# EXCERPTED RECORDS
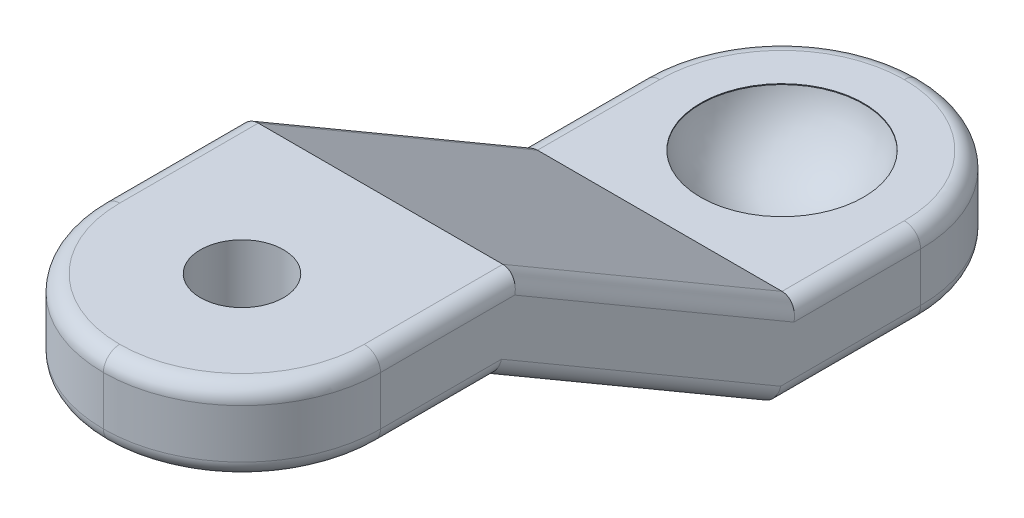
SolidWorks part; units mm, degrees
ref_plane "Front Plane" through (0, 0, 0) normal (0, 0, 1) x (1, 0, 0)
ref_plane "Top Plane" through (0, 0, 0) normal (0, 1, 0) x (1, 0, 0)
ref_plane "Right Plane" through (0, 0, 0) normal (1, 0, 0) x (0, 0, -1)
sketch "ProfileSketch1" plane through (0, 0, 0) normal (1, 0, 0) x (0, 0, -1)
  line L0 (0, 0) -> (34, 0)
  line L1 (34, 0) -> (68.2531, -20)
  line L2 (68.2531, -20) -> (100.2531, -20)
  line L3 (17, 0) -> (17, 2.8642) construction
  line L4 (84.2531, -20) -> (84.2531, 2.8642) construction
  dimension "D1" = 34
  dimension "D2" = 20
  dimension "D4" = 32
  dimension "D3" = 67.2531
extrude "ProfileExtrude-Thin1" add sketch "ProfileSketch1" along normal blind 34 thin thin type one direction wall 10
fillet "Fillet1" radius 17 1 edges at (34, -5, 0)
fillet "Fillet2" radius 17 1 edges at (0, -5, 0)
sketch "FlangeNutHoleSketch4" plane through (0, 0, 0) normal (0, 1, 0) x (1, 0, 0)
  line L0 (0, 17) -> (0, 34) construction
  line L1 (34, 34) -> (0, 34) construction
  circle A0 centre (17, 17) radius 5.1
  dimension "D1" = 17
  dimension "D3" = 10.2
  dimension "D2" = 17
extrude "FlangeNutHoleCut-Extrude5" cut sketch "FlangeNutHoleSketch4" against normal through all
sketch "DomeIndentSketch6" plane through (0, -20, 0) normal (0, 1, 0) x (1, 0, 0)
  line L4 (0, 68.2531) -> (0, 100.2531) construction
  line L5 (34, 100.2531) -> (0, 100.2531) construction
  circle A0 centre (17, 83.2531) radius 10
  dimension "D2" = 17
  dimension "D1" = 20
  dimension "D3" = 17
extrude "DomeIndentCut-Extrude8" cut sketch "DomeIndentSketch6" against normal blind 0.1
dome "Dome2" faces to dome 1 distance 8 reverse direction yes elliptical dome no face at (17, -20.1, -73.2531) parameters "D1"=8
fillet "Fillet3" radius 17 1 edges at (34, -25, -100.2531)
fillet "Fillet4" radius 17 1 edges at (0, -25, -100.2531)
sketch "FlangeNutHolesSketch2" plane through (0, -10, 0) normal (0, -1, 0) x (1, 0, 0)
  circle A0 centre (9, -9) radius 2
  circle A1 centre (25, -9) radius 2
  circle A2 centre (25, -25) radius 2
  circle A3 centre (9, -25) radius 2
  dimension "D5" = 4
  dimension "D1" = 8
  dimension "D2" = 16
  dimension "D3" = 8
  dimension "D4" = 16
fillet "BottomBoundaryFillet5" radius 2 10 edges at (0, -20, -48.4208) (0, -30, -74.4003) (4.9792, -30, -95.2739) (29.0208, -30, -95.2739) (34, -30, -74.4003) (34, -20, -48.4208) (34, -10, -24.1471) (29.0208, -10, -4.9792) (4.9792, -10, -4.9792) (0, -10, -24.1471)
fillet "Fillet6" radius 2 10 edges at (34, -10, -51.1266) (34, 0, -25.5) (29.0208, 0, -4.9792) (4.9792, 0, -4.9792) (0, 0, -25.5) (0, -10, -51.1266) (0, -20, -75.7531) (4.9792, -20, -95.2739) (34, -20, -75.7531) (29.0208, -20, -95.2739)
extrude "Cut-Extrude1" cut sketch "FlangeNutHolesSketch2" against normal blind 4
equation "\"D1@ProfileSketch1\"=\"BedSupportLeadScrewPadSize\""
equation "\"StandardWallThickness\"= 3mm"
equation "\"BedToBuildPlateStandoffPadSize\"= 10mm"
equation "\"BuildPlateStandoffHolesDistanceFromLeftOrRight\"= 7mm"
equation "\"BuildPlateStandoffHolesDistanceFromFrontOrBack\"= 41mm"
equation "\"DistanceFromBuildPlateSideToStepperHole\"= ( \"DistanceBetweenLeftToRightStepperHoles\" - \"BuildPlateWidth\" ) / 2'Equals 55.825"
equation "\"DistanceBetweenLeftToRightStepperHoles\"= \"FrontBackRailLength\" - \"StepperMountingHoleOffsetFromLeftOrRightSide\" * 2 - \"StepperMountingHoleDistance\"'Equals 461.65"
equation "\"FrontBackRailLength\"= 510mm"
equation "\"StepperMountingHoleOffsetFromLeftOrRightSide\"= \"StepperMountingHoleOffsetFromItsSide\" + \"RailThickness\""
equation "\"StepperMountingHoleDistance\"= 31mm'Spec"
equation "\"StepperMountingHoleOffsetFromItsSide\"= 5.5mm'Spec"
equation "\"RailThickness\"= .125in'Spec"
equation "\"LeadScrewNutPadSize\"= \"LeadScrewNutMountingHoleFlangeDiameter\" + 2mm'Equals 24"
equation "\"LeadScrewNutInnerShaftFlangeDiameter\"= 10.2mm'Spec"
equation "\"LeadScrewNutMountHoleDiameter\"= \"M3HeatInsertHoleDiameter\""
equation "\"LeadScrewNutMountingHoleFlangeDiameter\"= 22mm'Spec"
equation "\"LeadScrewNutMountingHoleDistance\"= 16mm'Spec"
equation "\"M3HeatInsertHoleDiameter\"= 4mm'Spec"
equation "\"D1@Fillet1\"=\"BedSupportLeadScrewPadSize\"/2"
equation "\"D1@Fillet2\"=\"BedSupportLeadScrewPadSize\"/2"
equation "\"D1@FlangeNutHoleSketch4\"=\"BedSupportLeadScrewPadSize\"  / 2"
equation "\"D2@FlangeNutHoleSketch4\"=\"BedSupportLeadScrewPadSize\" / 2"
equation "\"D3@FlangeNutHoleSketch4\" = \"LeadScrewNutInnerShaftFlangeDiameter\""
equation "\"D2@DomeIndentSketch6\" = \"BedSupportLeadScrewPadSize\" / 2"
equation "\"D3@DomeIndentSketch6\" = \"BedSupportLeadScrewPadSize\" / 2"
equation "\"BedSpringHoleSize\"= 3mm"
equation "\"BuildPlateWidth\"= 350mm'Spec"
equation "\"BuildPlateLength\"= 350mm'Spec"
equation "\"BuildPlateBoreDiameter\"= 5mm'Spec"
equation "\"BuildPlateBoreDepth\"= 3mm'Spec"
equation "\"BuildPlateDepth\"= 8mm'Spec"
equation "\"BuildPlateFlankingHoles\"= 38mm"
equation "\"BuildPlateStandoffHolesDistanceFromFront\"= 7mm"
equation "\"BedSupportLeadScrewPadSize\"= \"LeadScrewNutPadSize\" + 10mm"
equation "\"D1@ProfileExtrude-Thin1\"=\"BedSupportLeadScrewPadSize\""
equation "\"BuildPlateBallDiameter\"= 12mm"
equation "\"BedSupportBuildPlatePadSize\"= \"BuildPlateBallDiameter\" + 20mm"
equation "\"D4@ProfileSketch1\"=\"BedSupportBuildPlatePadSize\""
equation "\"D3@ProfileSketch1\" = \"HypotonusOfStepperAndBuildPlateHoles\""
equation "\"D1@Fillet3\"=\"BedSupportLeadScrewPadSize\"/2"
equation "\"D1@Fillet4\"=\"BedSupportLeadScrewPadSize\"/2"
equation "\"HypotonusOfStepperAndBuildPlateHoles\"= sqr ( ( \"DistanceFromBuildPlateSideToStepperHole\" + \"BuildPlateStandoffHolesDistanceFromLeftOrRight\" ) ^ 2 + ( \"BuildPlateStandoffHolesDistanceFromFrontOrBack\" - \"BedSupportLeadScrewPadSize\" / 2 ) ^ 2 )"
equation "\"D1@FlangeNutHolesSketch2\" = \"LeadScrewNutMountingHoleDistance\" / 2"
equation "\"D2@FlangeNutHolesSketch2\" = \"LeadScrewNutMountingHoleDistance\""
equation "\"D3@FlangeNutHolesSketch2\" = \"LeadScrewNutMountingHoleDistance\" / 2"
equation "\"D4@FlangeNutHolesSketch2\" = \"LeadScrewNutMountingHoleDistance\""
equation "\"D5@FlangeNutHolesSketch2\" = \"M3HeatInsertHoleDiameter\""
equation "\"D1@Cut-Extrude1\"=\"M3HeatInsertHoleDiameter\""

# ASSIGNMENT
Give back the records above exactly, limited to the lines between the one holding "line L0 (0, 0) -> (34, 0)" and the one holding "at (34, -5, 0)", inclusive.

# YOUR SOLUTION
  line L0 (0, 0) -> (34, 0)
  line L1 (34, 0) -> (68.2531, -20)
  line L2 (68.2531, -20) -> (100.2531, -20)
  line L3 (17, 0) -> (17, 2.8642) construction
  line L4 (84.2531, -20) -> (84.2531, 2.8642) construction
  dimension "D1" = 34
  dimension "D2" = 20
  dimension "D4" = 32
  dimension "D3" = 67.2531
extrude "ProfileExtrude-Thin1" add sketch "ProfileSketch1" along normal blind 34 thin thin type one direction wall 10
fillet "Fillet1" radius 17 1 edges at (34, -5, 0)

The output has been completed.